Action item: Below are records; work out how many of their lines contain "extrude" and give only that number.

Data extracted from a collection:
--------------------

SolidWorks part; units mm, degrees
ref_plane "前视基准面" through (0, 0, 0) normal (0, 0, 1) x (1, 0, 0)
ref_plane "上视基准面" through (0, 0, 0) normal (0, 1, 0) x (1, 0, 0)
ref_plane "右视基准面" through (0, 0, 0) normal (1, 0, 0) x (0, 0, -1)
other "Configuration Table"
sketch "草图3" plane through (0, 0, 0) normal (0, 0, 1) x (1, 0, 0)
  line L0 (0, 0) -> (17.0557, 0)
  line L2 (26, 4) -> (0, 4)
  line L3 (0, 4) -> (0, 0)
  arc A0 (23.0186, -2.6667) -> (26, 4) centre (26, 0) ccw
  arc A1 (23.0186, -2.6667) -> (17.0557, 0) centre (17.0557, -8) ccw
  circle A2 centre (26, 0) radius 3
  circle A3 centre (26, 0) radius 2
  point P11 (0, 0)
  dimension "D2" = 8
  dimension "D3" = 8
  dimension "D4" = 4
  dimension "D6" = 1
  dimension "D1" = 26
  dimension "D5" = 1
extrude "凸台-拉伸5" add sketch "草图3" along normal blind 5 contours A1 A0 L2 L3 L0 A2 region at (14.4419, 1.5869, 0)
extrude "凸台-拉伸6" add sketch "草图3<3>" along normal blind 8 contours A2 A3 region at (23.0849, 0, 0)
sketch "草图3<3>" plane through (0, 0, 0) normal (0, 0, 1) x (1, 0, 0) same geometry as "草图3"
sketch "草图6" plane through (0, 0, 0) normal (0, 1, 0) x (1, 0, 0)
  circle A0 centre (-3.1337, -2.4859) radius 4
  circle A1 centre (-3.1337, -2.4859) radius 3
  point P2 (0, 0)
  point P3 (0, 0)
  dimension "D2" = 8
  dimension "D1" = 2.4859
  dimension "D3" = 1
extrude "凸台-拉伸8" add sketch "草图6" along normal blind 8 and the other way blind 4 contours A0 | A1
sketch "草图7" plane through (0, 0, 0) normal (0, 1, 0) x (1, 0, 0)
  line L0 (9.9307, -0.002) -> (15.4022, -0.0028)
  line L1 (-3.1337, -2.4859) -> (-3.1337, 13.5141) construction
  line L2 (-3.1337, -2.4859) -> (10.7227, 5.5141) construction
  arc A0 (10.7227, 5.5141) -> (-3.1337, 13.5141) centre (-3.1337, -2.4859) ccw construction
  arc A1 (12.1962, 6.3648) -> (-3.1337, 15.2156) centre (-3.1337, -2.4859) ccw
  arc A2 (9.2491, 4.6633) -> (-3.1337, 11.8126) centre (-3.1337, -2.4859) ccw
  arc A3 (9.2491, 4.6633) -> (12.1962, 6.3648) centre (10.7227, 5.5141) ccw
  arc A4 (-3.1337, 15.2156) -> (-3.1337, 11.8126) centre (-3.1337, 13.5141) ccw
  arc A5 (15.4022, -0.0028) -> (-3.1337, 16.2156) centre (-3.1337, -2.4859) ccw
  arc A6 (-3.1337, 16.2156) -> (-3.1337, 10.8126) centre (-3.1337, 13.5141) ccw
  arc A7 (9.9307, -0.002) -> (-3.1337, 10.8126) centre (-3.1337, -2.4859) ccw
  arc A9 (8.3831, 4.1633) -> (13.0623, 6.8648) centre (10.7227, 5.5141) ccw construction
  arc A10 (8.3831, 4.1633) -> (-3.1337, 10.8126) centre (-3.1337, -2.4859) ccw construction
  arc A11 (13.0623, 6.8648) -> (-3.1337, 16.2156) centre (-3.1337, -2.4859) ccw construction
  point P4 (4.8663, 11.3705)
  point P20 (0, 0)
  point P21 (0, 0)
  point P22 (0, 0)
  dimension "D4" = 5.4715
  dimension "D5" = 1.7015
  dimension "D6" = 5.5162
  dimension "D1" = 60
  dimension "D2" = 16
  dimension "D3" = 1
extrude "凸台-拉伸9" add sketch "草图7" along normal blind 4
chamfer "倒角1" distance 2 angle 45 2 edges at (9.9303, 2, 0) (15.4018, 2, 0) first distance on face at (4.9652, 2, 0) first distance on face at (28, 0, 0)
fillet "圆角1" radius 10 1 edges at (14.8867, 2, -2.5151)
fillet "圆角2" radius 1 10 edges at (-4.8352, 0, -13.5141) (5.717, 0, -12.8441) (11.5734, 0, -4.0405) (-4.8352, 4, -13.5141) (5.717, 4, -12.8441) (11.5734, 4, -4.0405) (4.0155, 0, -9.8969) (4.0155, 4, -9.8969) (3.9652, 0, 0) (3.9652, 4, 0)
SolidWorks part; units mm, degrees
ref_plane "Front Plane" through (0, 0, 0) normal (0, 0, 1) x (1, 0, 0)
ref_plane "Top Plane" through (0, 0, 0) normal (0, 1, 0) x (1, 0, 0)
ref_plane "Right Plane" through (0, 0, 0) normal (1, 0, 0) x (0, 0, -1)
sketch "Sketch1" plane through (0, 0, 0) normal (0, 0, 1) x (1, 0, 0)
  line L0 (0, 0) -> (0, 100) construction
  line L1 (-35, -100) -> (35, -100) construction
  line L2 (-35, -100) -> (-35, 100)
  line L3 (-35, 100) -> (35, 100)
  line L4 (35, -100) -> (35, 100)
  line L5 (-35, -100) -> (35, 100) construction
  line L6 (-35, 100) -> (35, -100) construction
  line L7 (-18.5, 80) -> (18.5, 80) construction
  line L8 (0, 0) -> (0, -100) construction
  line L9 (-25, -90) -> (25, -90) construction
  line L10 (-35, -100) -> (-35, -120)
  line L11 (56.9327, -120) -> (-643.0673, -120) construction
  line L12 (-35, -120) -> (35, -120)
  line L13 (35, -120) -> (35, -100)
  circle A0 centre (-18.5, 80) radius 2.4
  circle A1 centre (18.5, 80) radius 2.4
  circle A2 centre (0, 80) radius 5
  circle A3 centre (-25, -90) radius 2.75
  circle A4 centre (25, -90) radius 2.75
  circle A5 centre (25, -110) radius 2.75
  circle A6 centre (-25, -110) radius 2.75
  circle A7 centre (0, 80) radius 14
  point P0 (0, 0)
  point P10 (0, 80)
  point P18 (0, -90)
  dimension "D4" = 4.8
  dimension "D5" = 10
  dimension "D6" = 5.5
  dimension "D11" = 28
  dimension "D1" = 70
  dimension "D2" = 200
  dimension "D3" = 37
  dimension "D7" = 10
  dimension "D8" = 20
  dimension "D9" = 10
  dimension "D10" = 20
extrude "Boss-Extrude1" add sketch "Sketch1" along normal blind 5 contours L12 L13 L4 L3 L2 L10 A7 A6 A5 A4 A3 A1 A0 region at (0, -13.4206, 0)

--------------------

Finished task: 5